How to Check if a GFCI is Working Good
Method 1 – using a trip test button
GFCI device has a feature that can be used for testing itself. This is called trip test or self-test. In the GFCI body, there is a button that can be pressed to deactivate the GFCI. This method is safe and good enough for ensuring a GFCI is working. This test method is also the same for RCD. This is the safest way to test household GFCI or RCD.
Method 2 – using a test resistor
For engineering purposes or further technical demonstration, a GFCI an be tested by putting a known resistor value to either the live or neutral side (in the load side) going to ground. This resistor value must result to a current higher than the set trip point, for a GFCI to protect.
Example 1 for method 2:
For a line voltage of 120Vac and a Class A GFCI, the test resistor from live or neutral must be
Rtest = 120 x 1.42 / 0.006 = 28.4 kohm
Example 2 for method 2:
For a line voltage of 120Vac and a Class B GFCI with 20mA trip level, the test resistor from live or neutral must be
Rtest = 120 x 1.42 / 0.020 = 8.52 kohm
Take note, method 2 is not safe for non-technical persons. Do not use this method if you are not expert in electrical circuits. Observe safety precautions all the times.
Asymmetrical and Symmetrical Ground Faults
There are two classifications of a ground fault. It could be asymmetrical and symmetrical faults. Asymmetrical fault could mean;
(a) only either of the live or neutral has fault on a single-phase system or 1 or 2 lines has ground fault for a three-phase system
(b) both the live or neutral has fault (single phase) or all three lines in a three-phase system has fault but differ in fault current level
On the other hand, a symmetrical fault means that both the live and neutral or all the three lines in a three-phase system is shorted to ground. This is also called a balance fault. Asymmetrical and symmetrical faults are performed in method 2 by engineers during the design verification. It is a requirement that a GFCI or RCD must protect to any fault classifications.
Where GFCI is a Must to Install?
According to NEC 2023, areas that are prone to wet must have GFCI. These include kitchen, bathrooms, outdoor receptacles, basements, garages and the likes. For a typical household, installing a single GFCI in the AC source (where the AC enters the house) is enough to protect all the circuit branches. Circuit branches are wall outlets, lamps, air conditions and so on.

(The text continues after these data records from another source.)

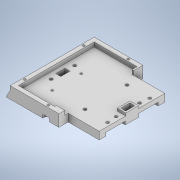
# Autodesk Inventor part: jeff
Saved by Autodesk Inventor 2020 (Build 240168000, 168)
## iProperties
Created: 2023-02-07
Part Number: jeff
Material: Generic
Document SubType Name: Modeling
Designer: user
Density: 1 g/cm^3
Appearance: Default
Author: user
Autodesk Inventor part; units mm, degrees
ref_plane "YZ Plane" through (0, 0, 0) normal (1, 0, 0) x (0, 1, 0)
ref_plane "XZ Plane" through (0, 0, 0) normal (0, 1, 0) x (-1, 0, 0)
ref_plane "XY Plane" through (0, 0, 0) normal (0, 0, 1) x (1, 0, 0)
sketch "Sketch1" plane through (0, 0, 0) normal (0, 1, 0) x (-1, 0, 0)
  line L0 (0, 0) -> (-100, 0)
  line L1 (-100, 0) -> (-100, -100)
  line L2 (-100, -100) -> (0, -100)
  line L3 (0, -100) -> (0, 0)
  dimension "d0" = 100
  dimension "d1" = 100
  constraints: 8 end point, 2 parallel, 1 horizontal, 1 perpendicular
  measures "d0" distance of L2.end L1.end
  measures "d1" distance of L1.end L0.end
extrude "base" add sketch "Sketch1" along normal blind 9
sketch "Sketch2" plane through (0, 9, 0) normal (0, 1, 0) x (1, 0, 0)
  circle A0 centre (96, 25) radius 1.75
  line L0 (100, 0) -> (100, 100) projected
  circle A1 centre (69, 25) radius 1.75
  line L1 (0, 0) -> (100, 0) projected
  line L2 (100, 50) -> (95, 50)
  circle A2 centre (96, 75) radius 1.75
  circle A3 centre (69, 75) radius 1.75
  line L3 (63, 0) -> (63, 100)
  line L4 (100, 100) -> (0, 100) projected
  line L5 (100, 25) -> (100, 11)
  line L6 (100, 11) -> (63, 11)
  line L7 (100, 89) -> (63, 89)
  circle A4 centre (82, 25) radius 17.5
  point P0 (63, 89)
  dimension "d6" = 4
  dimension "d7" = 3.5
  dimension "d9" = 3.5
  dimension "d10" = 27
  dimension "d11" = 25
  dimension "d13" = 37
  dimension "d14" = 14
  dimension "d17" = 35
  constraints: 10 end point, 5 centre point, 5 point on line, 4 symmetric about line, 1 horizontal, 1 horizontal alignment, 1 midpoint, 1 perpendicular, 1 vertical, 2 other
  measures "d6" distance from line of L0 A0.centre
  measures "d7" diameter of A0
  measures "d9" diameter of A1
  measures "d10" distance of A0.centre A1.centre
  measures "d11" distance from line of L1 A0.centre
  measures "d13" distance between parallel lines of L0 L3
  measures "d14" distance of L5.start L5.end
  measures "d17" diameter of A4
extrude "wheel space" cut sketch "Sketch2" against normal through all contours A0 | L1 L3 L6 A4 L0 | A4 L6 | L3 L4 L0 L7 | A1 | A2 | A3 picked at (84.4264, 10.3619)
sketch "Sketch3" plane through (0, 0, 0) normal (0, 0, 1) x (1, 0, 0)
  line L0 (63, 9) -> (0, 9) projected
  line L1 (0, 0) -> (0, 9) projected
  line L2 (63, 0) -> (0, 0) projected
  line L3 (5, 9) -> (0, 0)
  dimension "d18" = 5
  constraints: 2 end point, 1 point on line
  measures "d18" distance from line of L1 L3.start
extrude "ramp" cut sketch "Sketch3" against normal through all
sketch "Sketch4" plane through (0, 9, 0) normal (0, 1, 0) x (1, 0, 0)
  circle A0 centre (69, 75) radius 1.75 projected
  circle A1 centre (96, 25) radius 1.75 projected
  circle A2 centre (96, 75) radius 1.75 projected
  circle A3 centre (69, 25) radius 1.75 projected
  line L0 (5, 100) -> (5, 0) projected
  line L1 (5, 0) -> (63, 0) projected
  line L2 (63, 0) -> (63, 11) projected
  line L3 (63, 11) -> (100, 11) projected
  line L4 (100, 11) -> (100, 89) projected
  line L5 (100, 89) -> (63, 89) projected
  line L6 (63, 89) -> (63, 100) projected
  line L7 (63, 100) -> (5, 100) projected
  line L8 (63, 100) -> (63, 89) projected
  line L9 (61, 95) -> (10, 95)
  line L10 (10, 95) -> (10, 5)
  line L11 (10, 5) -> (63, 5)
  line L12 (63, 11) -> (63, 0) projected
  line L13 (63, 89) -> (61, 89)
  line L14 (61, 89) -> (61, 95)
  line L15 (63, 5) -> (53, 5)
  line L16 (53, 5) -> (53, 7)
  line L17 (53, 7) -> (63, 7)
  line L18 (63, 7) -> (63, 5)
  point P0 (0, 0)
  point P1 (63, 95)
  dimension "d21" = 5
  dimension "d22" = 5
  dimension "d23" = 5
  dimension "d64" = 2
  dimension "d72" = 10
  dimension "d73" = 2
  constraints: 18 end point, 5 perpendicular, 2 horizontal, 2 parallel, 1 point on line
  measures "d21" distance between parallel lines of L11 L1
  measures "d22" distance between parallel lines of L0 L10
  measures "d23" distance between parallel lines of L7 L9
  measures "d64" distance of L5.end L13.end
  measures "d72" distance of L16.end L17.end
  measures "d73" distance of L15.end L16.end
extrude "walls" add sketch "Sketch4" along normal blind 5 contours L7 L6 L13 L14 L9 L10 L11 L2 L1 L0 | L11 L16 L17 L2
sketch "Sketch5" plane through (0, 9, 0) normal (0, 1, 0) x (1, 0, 0)
  line L0 (22.7322, 84.5) -> (12.7322, 84.5)
  line L1 (12.7322, 84.5) -> (12.7322, 44.5)
  line L2 (12.7322, 44.5) -> (22.7322, 44.5)
  line L3 (22.7322, 44.5) -> (22.7322, 84.5)
  line L4 (14.7322, 44.5) -> (20.7322, 44.5)
  line L5 (20.7322, 44.5) -> (20.7322, 55.5)
  line L6 (20.7322, 55.5) -> (14.7322, 55.5)
  line L7 (14.7322, 55.5) -> (14.7322, 44.5)
  line L8 (14.7322, 44.5) -> (20.7322, 55.5) construction
  line L9 (20.7322, 44.5) -> (14.7322, 55.5) construction
  line L10 (10, 5) -> (10, 95) projected
  circle A0 centre (17.7322, 64) radius 1.75
  line L11 (100, 84.5) -> (90, 84.5)
  line L12 (90, 84.5) -> (90, 44.5)
  line L13 (90, 44.5) -> (100, 44.5)
  line L14 (100, 44.5) -> (100, 84.5)
  line L15 (92, 44.5) -> (98, 44.5)
  line L16 (98, 44.5) -> (98, 55.5)
  line L17 (98, 55.5) -> (92, 55.5)
  line L18 (92, 55.5) -> (92, 44.5)
  line L19 (92, 44.5) -> (98, 55.5) construction
  line L20 (98, 44.5) -> (92, 55.5) construction
  circle A1 centre (95, 64) radius 1.75
  circle A2 centre (96, 75) radius 1.75 projected
  line L21 (100, 11) -> (100, 89) projected
  circle A3 centre (95, 36) radius 1.75
  circle A4 centre (17.7322, 36) radius 1.75
  line L22 (100, 57.5) -> (90, 57.5)
  line L23 (90, 57.5) -> (90, 42.5)
  line L24 (90, 42.5) -> (100, 42.5)
  line L25 (100, 42.5) -> (100, 57.5)
  line L26 (100, 57.5) -> (90, 42.5) construction
  line L27 (90, 57.5) -> (100, 42.5) construction
  point P0 (0, 0)
  point P1 (17.7322, 50)
  point P2 (10, 50)
  point P3 (17.7322, 50)
  point P4 (95, 50)
  point P5 (95, 50)
  point P6 (95, 50)
  point P7 (17.7322, 50)
  point P8 (92, 44.5)
  point P9 (98, 44.5)
  point P10 (95, 84.5)
  dimension "d26" = 10
  dimension "d27" = 40
  dimension "d28" = 5.5
  dimension "d29" = 6
  dimension "d30" = 11
  dimension "d31" = 3.5
  dimension "d32" = 14
  dimension "d33" = 10
  dimension "d34" = 40
  dimension "d35" = 5.5
  dimension "d36" = 6
  dimension "d37" = 11
  dimension "d38" = 3.5
  dimension "d39" = 14
  dimension "d60" = 3.5
  dimension "d61" = 14
  dimension "d62" = 3.5
  dimension "d63" = 14
  dimension "d65" = 10
  dimension "d66" = 15
  constraints: 52 end point, 12 midpoint, 9 parallel, 5 horizontal, 5 perpendicular, 4 centre point, 1 collinear, 1 horizontal alignment, 1 vertical alignment
  measures "d26" distance of L2.end L1.end
  measures "d27" distance of L1.end L0.end
  measures "d28" distance from line of L2 point (17.732, 50)
  measures "d29" distance of L6.end L5.end
  measures "d30" distance of L5.end L4.end
  measures "d31" diameter of A0
  measures "d32" distance of point (17.732, 50) A0.centre
  measures "d33" distance of L14.start L12.end
  measures "d34" distance of L12.end L12.start
  measures "d35" distance from line of L13 point (95, 50)
  measures "d36" distance of L17.end L16.end
  measures "d37" distance of L16.end L15.end
  measures "d38" diameter of A1
  measures "d39" distance of point (95, 50) A1.centre
  measures "d60" diameter of A3
  measures "d61" distance of point (95, 50) A3.centre
  measures "d62" diameter of A4
  measures "d63" distance of A4.centre point (17.732, 50)
  measures "d65" distance of L24.end L23.end
  measures "d66" distance of L23.end L22.end
extrude "ir sensor" cut sketch "Sketch5" against normal through all contours L2 L7 L6 L5 | A0 | L13 L18 L17 L16 | A1 | A3 | A4
sketch "Sketch8" plane through (0, 14, 0) normal (0, 1, 0) x (1, 0, 0)
  line L0 (61, 89) -> (63, 89) projected
  line L1 (63, 89) -> (63, 100) projected
  line L2 (63, 100) -> (5, 100) projected
  line L3 (5, 100) -> (5, 0) projected
  line L4 (5, 0) -> (63, 0) projected
  line L5 (63, 0) -> (63, 7) projected
  line L6 (63, 7) -> (53, 7) projected
  line L7 (53, 7) -> (53, 5) projected
  line L8 (53, 5) -> (10, 5) projected
  line L9 (10, 5) -> (10, 95) projected
  line L10 (10, 95) -> (61, 95) projected
  line L11 (61, 95) -> (61, 89) projected
  circle A0 centre (7.5, 85) radius 1.25
  circle A1 centre (7.5, 15) radius 1.25
  circle A2 centre (48, 2.5) radius 1.25
  circle A3 centre (48, 97.5) radius 1.25
  point P0 (0, 0)
  dimension "d82" = 2.5
  dimension "d84" = 2.5
  dimension "d85" = 2.5
  dimension "d87" = 2.5
  dimension "d88" = 15
  dimension "d89" = 15
  dimension "d90" = 15
  dimension "d91" = 2.5
  dimension "d92" = 2.5
  dimension "d93" = 2.5
  constraints: 4 centre point, 2 vertical alignment
  measures "d82" diameter of A0
  measures "d84" diameter of A1
  measures "d85" diameter of A2
  measures "d87" diameter of A3
  measures "d88" distance from line of L2 A0.centre
  measures "d89" distance from line of L4 A1.centre
  measures "d90" distance from line of L1 A3.centre
  measures "d91" distance from line of L3 A0.centre
  measures "d92" distance from line of L10 A3.centre
  measures "d93" distance from line of L4 A2.centre
sketch "Sketch6" plane through (0, 9, 0) normal (0, 1, 0) x (1, 0, 0)
  line L0 (20.7322, 44.5) -> (14.7322, 44.5) projected
  circle A0 centre (17.7322, 64) radius 1.75 projected
  line L1 (53, 5) -> (10, 5) projected
  line L2 (10, 95) -> (61, 95) projected
  circle A1 centre (69, 25) radius 1.75 projected
  circle A2 centre (96, 25) radius 1.75 projected
  circle A3 centre (69, 25) radius 1.75 projected
  circle A4 centre (96, 25) radius 1.75 projected
  line L3 (69, 25) -> (96, 25)
  circle A5 centre (30, 25) radius 1.25
  line L4 (10, 5) -> (10, 95) projected
  circle A6 centre (30, 59.5) radius 1.25
  circle A7 centre (48, 97.5) radius 1.25 projected
  circle A8 centre (48, 2.5) radius 1.25 projected
  circle A9 centre (7.5, 85) radius 1.25 projected
  circle A10 centre (7.5, 15) radius 1.25 projected
  point P0 (0, 0)
  point P1 (63, 5)
  point P2 (63, 95)
  dimension "d75" = 2.5
  dimension "d76" = 20
  dimension "d77" = 20
  dimension "d79" = 2.5
  dimension "d80" = 34.5
  constraints: 2 centre point, 2 end point, 1 horizontal
  measures "d75" diameter of A5
  measures "d76" distance from line of L1 A5.centre
  measures "d77" distance from line of L4 A5.centre
  measures "d79" diameter of A6
  measures "d80" distance of A5.centre A6.centre
extrude "mount holes" cut sketch "Sketch6" against normal through all both and the other way through all contours A5 | A6 | A7 | A8 | A9 | A10
sketch "Sketch7" plane through (0, 0, 0) normal (0, -1, 0) x (1, 0, 0)
  line L0 (92, -44.5) -> (98, -44.5) projected
  line L1 (98, -44.5) -> (98, -55.5) projected
  line L2 (98, -55.5) -> (92, -55.5) projected
  line L3 (92, -55.5) -> (92, -44.5) projected
  circle A0 centre (17.7322, -64) radius 1.75 projected
  circle A1 centre (95, -64) radius 1.75 projected
  line L4 (20.7322, -44.5) -> (20.7322, -55.5) projected
  line L5 (20.7322, -55.5) -> (14.7322, -55.5) projected
  line L6 (14.7322, -55.5) -> (14.7322, -44.5) projected
  line L7 (14.7322, -44.5) -> (20.7322, -44.5) projected
  circle A2 centre (69, -75) radius 1.75 projected
  circle A3 centre (96, -25) radius 1.75 projected
  circle A4 centre (96, -75) radius 1.75 projected
  circle A5 centre (69, -25) radius 1.75 projected
  line L8 (63, -100) -> (63, -89) projected
  line L9 (63, -89) -> (100, -89) projected
  line L10 (100, -11) -> (100, -89) projected
  line L11 (100, -11) -> (63, -11) projected
  line L12 (63, -11) -> (63, 0) projected
  line L13 (0, 0) -> (63, 0) projected
  line L14 (0, -100) -> (0, 0) projected
  line L15 (63, -100) -> (0, -100) projected
  circle A6 centre (69, -75) radius 6
  circle A7 centre (69, -25) radius 1.75 projected
  circle A8 centre (69, -25) radius 6
  circle A9 centre (96, -25) radius 1.75 projected
  circle A10 centre (17.7322, -64) radius 6
  circle A11 centre (95, -36) radius 1.75 projected
  arc A12 (89, -36) -> (95, -42) centre (95, -36) ccw
  line L16 (98, -31) -> (98.3166, -31)
  line L17 (100, -11) -> (100, -89) projected
  line L18 (96, -19) -> (100, -19)
  line L19 (100, -50) -> (98.3161, -50)
  line L20 (95, -42) -> (100, -42)
  circle A13 centre (17.7322, -36) radius 1.75 projected
  circle A14 centre (17.7322, -36) radius 6
  line L21 (92, -19) -> (96, -19)
  line L22 (89, -36) -> (89, -19)
  line L23 (89, -19) -> (92, -19)
  circle A15 centre (96, -75) radius 1.75
  circle A16 centre (96, -75) radius 1.75
  circle A17 centre (95, -64) radius 1.75
  arc A18 (95, -58) -> (89, -64) centre (95, -64) ccw
  line L24 (98, -69) -> (98.3166, -69)
  line L25 (96, -81) -> (100, -81)
  line L26 (95, -58) -> (100, -58)
  line L27 (92, -81) -> (96, -81)
  line L28 (89, -64) -> (89, -81)
  line L29 (89, -81) -> (92, -81)
  circle A19 centre (30, -59.5) radius 1.25 projected
  circle A20 centre (30, -25) radius 1.25 projected
  circle A21 centre (30, -59.5) radius 6
  circle A22 centre (30, -25) radius 6
  circle A23 centre (48, -97.5) radius 1.25 projected
  circle A24 centre (48, -2.5) radius 1.25 projected
  circle A25 centre (7.5, -15) radius 1.25 projected
  circle A26 centre (7.5, -85) radius 1.25 projected
  arc A27 (52, -97.5) -> (44, -97.5) centre (48, -97.5) ccw
  line L30 (44, -97.5) -> (44, -100)
  line L31 (63, -100) -> (5, -100) projected
  line L32 (52, -97.5) -> (52, -100)
  line L33 (44, -2.5) -> (44, 0)
  line L34 (0, 0) -> (63, 0) projected
  line L35 (52, -2.5) -> (52, 0)
  circle A28 centre (7.5, -15) radius 4
  circle A29 centre (7.5, -85) radius 4
  arc A30 (44, -2.5) -> (52, -2.5) centre (48, -2.5) ccw
  point P0 (100, -31)
  point P1 (96, -31)
  point P2 (93.1644, -30.2877)
  point P3 (96, -69)
  point P4 (93.1644, -69.7123)
  dimension "d69" = 12
  dimension "d71" = 12
  dimension "d94" = 8
  dimension "d96" = 8
  dimension "d97" = 8
  constraints: 34 end point, 15 centre point, 15 symmetric about line, 12 coincident, 10 point on circle, 9 point on line, 5 equal radius, 5 perpendicular, 3 tangent, 2 equal length, 2 horizontal, 2 vertical, 1 midpoint, 4 other
  measures "d69" diameter of A12
  measures "d71" diameter of A8
  measures "d94" diameter of A27
  measures "d96" diameter of A28
  measures "d97" diameter of A29
extrude "mount holes flush" cut sketch "Sketch7" against normal blind 4 contours L15 L30 A27 L32 | L25 L27 L29 L28 A18 L26 L10 | L20 A12 L22 L23 L21 L18 L10 | L13 L35 A30 L33 | A6 | A8 | A10 | A14 | A20 | A21 | A22 | A28 | A29
extrude "Extrusion8" add sketch "Sketch5" along normal blind 3 contours L14 L13 L16 L17 L18 L12 L22 | L21 L24 L23 L13
body "Solid1"

How to Install GFCI or RCD to Become Effective in Protecting from Ground Faults and Electric Shock?
For a GFCI or RCD to work, the fault must happen on the load side. This means that all connections must be made after the GFCI or RCD. Any connections made before the GFCI or RCD will not cause the device to trip.
What is the Best Location to Install GFCI or RCD in Household?
In your house, ensure that the GFCI or RCD must be installed at the main AC line coming into your house. All the branch circuits such as wall outlets, lamps, air conditions and so on must be connected to the load side of the GFCI.
Any connection made in the input side of the GFCI or RCD will not be protected during a ground fault. When a person accidentally touches the AC line in the load side of the GFCI or RCD, he will be saved. However, if he touches the AC line before the GFCI or RCD or in the input side of the device, he will be electrocuted!
Installing a GFCI or RCD in your house is a basic requirement for safety. It is not a significant cost adder. Do not save the amount in exchange to you and your family’s safety!